◆ **Your goal**
Verbatim copy without images: repeat the records in full.

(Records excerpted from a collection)
┏━━

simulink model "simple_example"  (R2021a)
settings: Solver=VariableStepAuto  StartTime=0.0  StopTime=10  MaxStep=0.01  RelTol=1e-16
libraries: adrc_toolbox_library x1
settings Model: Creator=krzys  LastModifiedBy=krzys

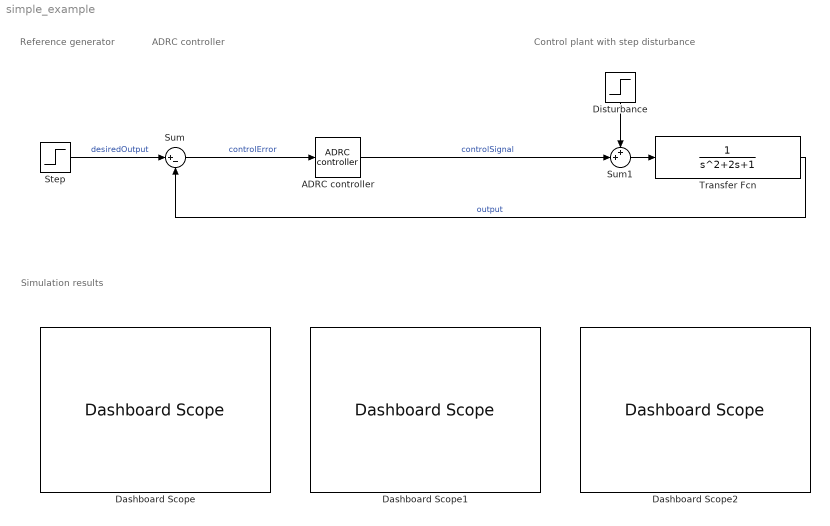
== system simple_example ==
  note: Simulation results
  note: Reference
      | generator
  note: ADRC controller
  note: Control plant with step disturbance
  ADRC controller : adrc_toolbox_library/ADRC controller  dynamicsOrder=2  inputGainParameter=0.85  controllerBandwidth=5  observerBandwidth=25
      settings: SourceProductName=ADRC toolbox
  Dashboard Scope : DashboardScope
  Dashboard Scope1 : DashboardScope
  Dashboard Scope2 : DashboardScope
  Disturbance : Step  Time=5  SampleTime=0
  Step : Step  SampleTime=0
  Sum : Sum  Inputs=|+-
  Sum1 : Sum  Inputs=++|
  Transfer Fcn : TransferFcn
  wires:
  Step/1 -> Sum/1  "desiredOutput"
  Sum/1 -> ADRC controller/1  "controlError"
  Transfer Fcn/1 -> Sum/2  "output"
  Sum1/1 -> Transfer Fcn/1
  Disturbance/1 -> Sum1/1
  ADRC controller/1 -> Sum1/2  "controlSignal"

┗━━

◆ **Task response**
simulink model "simple_example"  (R2021a)
settings: Solver=VariableStepAuto  StartTime=0.0  StopTime=10  MaxStep=0.01  RelTol=1e-16
libraries: adrc_toolbox_library x1
settings Model: Creator=krzys  LastModifiedBy=krzys

== system simple_example ==
  note: Simulation results
  note: Reference
      | generator
  note: ADRC controller
  note: Control plant with step disturbance
  ADRC controller : adrc_toolbox_library/ADRC controller  dynamicsOrder=2  inputGainParameter=0.85  controllerBandwidth=5  observerBandwidth=25
      settings: SourceProductName=ADRC toolbox
  Dashboard Scope : DashboardScope
  Dashboard Scope1 : DashboardScope
  Dashboard Scope2 : DashboardScope
  Disturbance : Step  Time=5  SampleTime=0
  Step : Step  SampleTime=0
  Sum : Sum  Inputs=|+-
  Sum1 : Sum  Inputs=++|
  Transfer Fcn : TransferFcn
  wires:
  Step/1 -> Sum/1  "desiredOutput"
  Sum/1 -> ADRC controller/1  "controlError"
  Transfer Fcn/1 -> Sum/2  "output"
  Sum1/1 -> Transfer Fcn/1
  Disturbance/1 -> Sum1/1
  ADRC controller/1 -> Sum1/2  "controlSignal"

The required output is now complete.